«Wir haben Vorräte für mehrere Wochen zu Hause. Einfach mal schnell einkaufen, geht bei uns nicht», erzählt Christof Mattli (55). Der Bauer aus Leidenschaft, wie er selbst von sich sagt, wohnt ganzjährig auf der Göscheneralp UR, wie fünfzehn andere Personen auch. Alle, mit einer Ausnahme, heissen mit Nachnamen gleich wie er. «Nach dem Lawinenwinter von 1951 zogen viele weg, nur noch die Mattlis blieben.» Der Wohnort ist im Winter zu Fuss, per Schneetöff oder Pistenfahrzeug erreichbar.
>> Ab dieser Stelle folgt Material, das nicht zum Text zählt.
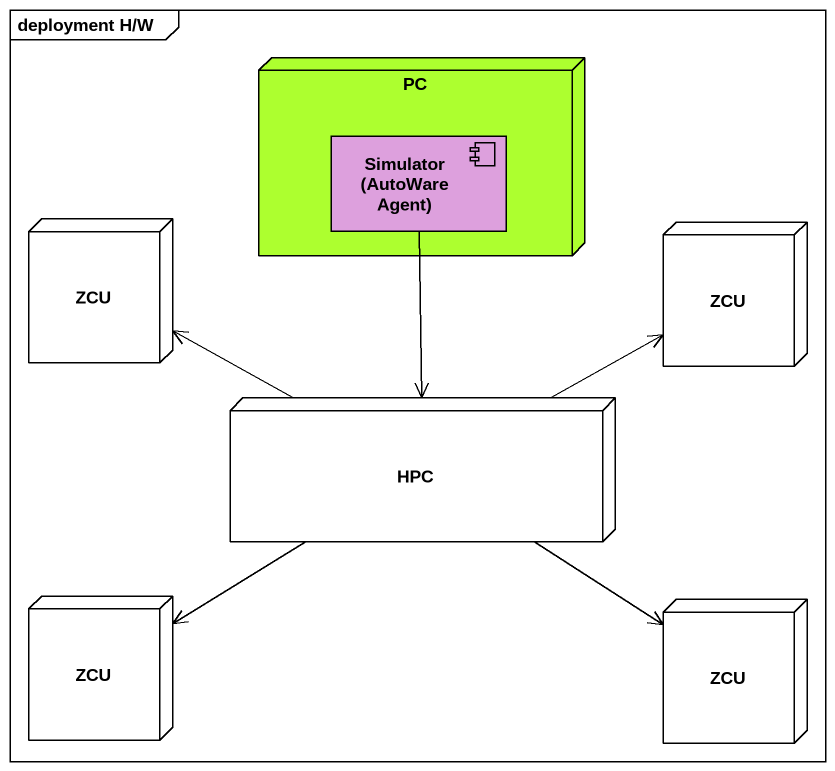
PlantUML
@startuml
mainframe deployment H/W
node PC #ADFF2F {
  component "Simulator (AutoWare Agent)" as Simulator_AutoWare_Agent #DDA0DD
}
node ZCU
node "ZCU" as ZCU_2
node HPC
node "ZCU" as ZCU_3
node "ZCU" as ZCU_4
Simulator_AutoWare_Agent --> HPC
HPC -left-> ZCU
HPC -right-> ZCU_2
HPC --> ZCU_3
HPC --> ZCU_4
@enduml
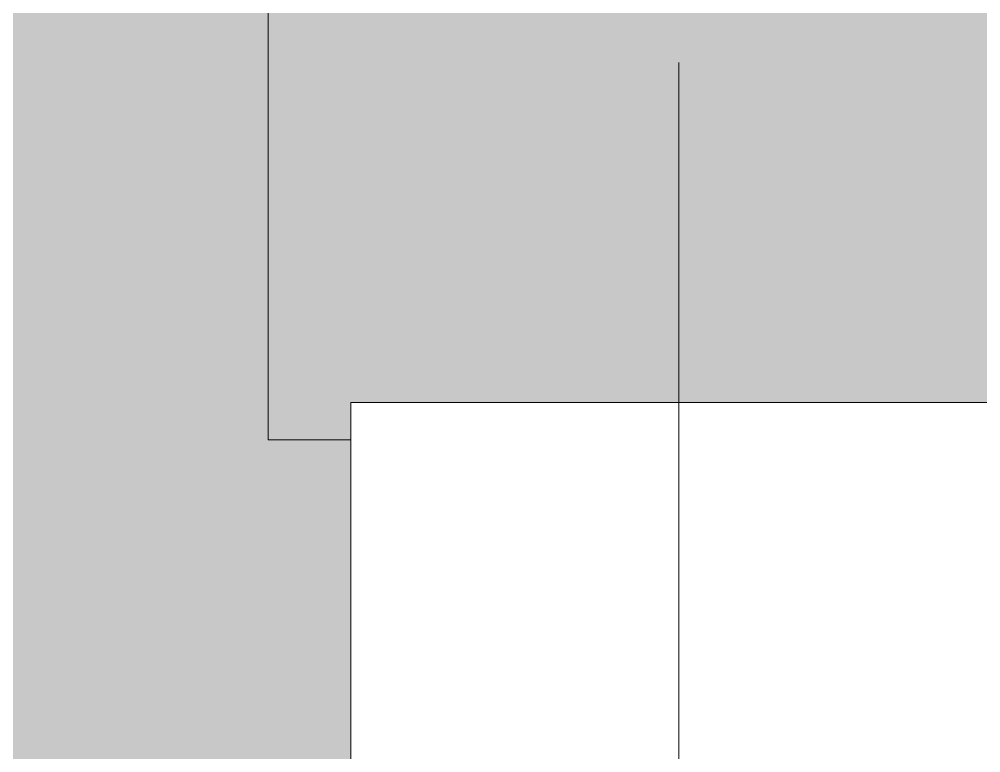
# Model space of a CAD drawing. Header units: metres. Extents: x -208 to 1512, y -277 to 123.
# Drawn here: x 828.219 to 829.582, y -14.029 to -12.988 of the extents above; entities that cross this region are included whole.
import ezdxf

# ---------------------------------------------------------------- set-up
doc = ezdxf.new("R2010")
doc.units = ezdxf.units.M
doc.header["$MEASUREMENT"] = 0
doc.linetypes.add('Wipeout_Contour', pattern=[1, 0, -1])
for name, color, linetype in [('325 Dachfenster', 7, 'Continuous'), ('330 Dachaufbau', 7, 'Continuous'), ('918 Lageplan Beschriftung.x', 7, 'Continuous')]:
    doc.layers.add(name, color=color, linetype=linetype)

# ---------------------------------------------------------------- blocks, each defined once
blk = doc.blocks.new('Dachfläche_65_5', base_point=(831.5173, -10.4))
at = {"layer": '330 Dachaufbau', "linetype": 'Continuous', "lineweight": 0, "true_color": 0x000000}
h = blk.add_hatch(color=18, dxfattribs=at)
h.paths.add_polyline_path([(831.5173, -13.585), (828.5723, -13.585), (828.5723, -11.155), (831.5173, -11.155), (831.5173, -10.4), (825.2954, -10.4), (825.3125, -15.07), (826.2744, -15.07), (826.2744, -14.228), (828.0244, -14.228), (828.0244, -15.07), (828.7028, -15.07), (828.7028, -14.228), (830.4528, -14.228), (830.4528, -15.07), (831.5173, -15.07)])
h.paths.add_polyline_path([(826.3203, -12.8025), (826.3203, -11.2013), (828.0203, -11.2013), (828.0203, -12.8025)], flags=0)
at = {"layer": '330 Dachaufbau', "color": 7, "linetype": 'Continuous', "lineweight": 18, "flags": 128}
for points in [[(828.5723, -11.155), (828.5723, -13.585)], [(828.5723, -13.585), (831.5173, -13.585)]]:
    blk.add_lwpolyline(points, dxfattribs=at)
blk = doc.blocks.new('DF Marker 27[1473]_5', base_point=(829.1544, -14.9413))
at = {"layer": '325 Dachfenster', "color": 7, "linetype": 'Continuous', "lineweight": 13}
blk.add_line((829.1544, -18.6975), (829.1544, -13.0497), dxfattribs=at)
blk = doc.blocks.new('VELUX SlopeRoofBundle[45]_5', base_point=(825.2573, 0))
at = {"layer": '325 Dachfenster', "linetype": 'Continuous', "lineweight": 0}
blk.add_line((829.1544, -18.6975), (829.1544, -13.0497), dxfattribs=at)
at = {"layer": '325 Dachfenster', "color": 7, "lineweight": 13}
blk.add_blockref('DF Marker 27[1473]_5', (829.1544, -14.9413), dxfattribs=at)
blk = doc.blocks.new('Dachfläche_76_5', base_point=(830.4494, -14.8439))
at = {"color": 254, "linetype": 'Wipeout_Contour', "lineweight": 0, "ltscale": 4977.319519}
blk.add_wipeout([(830.4146, -13.5322), (828.6894, -13.5322), (828.6894, -14.1544), (828.7028, -14.1544), (828.7028, -14.1502), (830.4146, -14.1502)], dxfattribs=at).dxf.layer = '325 Dachfenster'
at = {"layer": '325 Dachfenster', "color": 7, "linetype": 'Continuous', "lineweight": 13, "true_color": 0xf4f4f4, "flags": 128}
for points in [[(828.6894, -13.5322), (828.6894, -14.1544)], [(830.4146, -13.5322), (828.6894, -13.5322)]]:
    blk.add_lwpolyline(points, dxfattribs=at)
at = {"layer": '325 Dachfenster', "linetype": 'Continuous', "lineweight": 0}
blk.add_blockref('VELUX SlopeRoofBundle[45]_5', (825.2573, 0), dxfattribs=at)

msp = doc.modelspace()

# ---------------------------------------------------------------- hatches: boundary and pattern name
at = {"layer": '918 Lageplan Beschriftung.x', "linetype": 'Continuous', "lineweight": 0, "true_color": 0x3f0000}
msp.add_hatch(color=18, dxfattribs=at).paths.add_polyline_path([(825.3125, -15.07), (830.6323, -15.07), (830.6323, -15.97), (838.8623, -15.97), (838.8623, -15.07), (844.1921, -15.07), (844.2425, 0.07), (838.3473, 0.07), (838.3473, 0.8), (831.1473, 0.8), (831.1473, 0.07), (825.257, 0.07)])

# ---------------------------------------------------------------- next in the draw order: block references
at = {"layer": '330 Dachaufbau', "color": 7, "linetype": 'Continuous', "lineweight": 18}
msp.add_blockref('Dachfläche_65_5', (831.5173, -10.4), dxfattribs=at)

# ---------------------------------------------------------------- next in the draw order: block references
at = {"layer": '325 Dachfenster', "color": 7, "linetype": 'Continuous', "lineweight": 13, "true_color": 0xf4f4f4}
msp.add_blockref('Dachfläche_76_5', (830.4494, -14.8439), dxfattribs=at)

doc.saveas('drawing.dxf')

Manchmal auch gar nicht, wenn die Strasse wegen zu grosser Lawinengefahr gesperrt ist. [IMG 5][IMG 5]
Christof Mattli macht sich abfahrtbereit für einen rasanten Ritt auf dem Schneetöff.
Heiliger Matthias beschützt vor Lawinen
Wild und verwegen sieht Christof Mattli aus, wie er auf seinem Schneetöff sitzt, eine Krumme im Mund. Ein richtiger Schnee-Cowboy, der statt die Sporen Gas gibt. Während der rasanten Schneetöff-Fahrt von Göschenen Abfrutt zur Göscheneralp hält er immer wieder an und zeigt auf Lawinenabgänge. Mattli ist auch Lawinenbeobachter für das Institut für Schnee- und Lawinenforschung (SLF) in Davos GR. Während dieser Fahrt, Mitte Februar, herrscht laut Lawinenbulletin die Gefahrenstufe «erheblich». Doch die Lawinen sind alle schon unten und es ist kalt. Mattli muss auf seinem Heimweg etliche Lawinenkegel durchqueren. «Hier ist es sicher, da vorne schon nicht mehr. Beim Fahren schaue ich immer die Bergflanken hoch. Wann etwas kommt, musst du Gas geben.»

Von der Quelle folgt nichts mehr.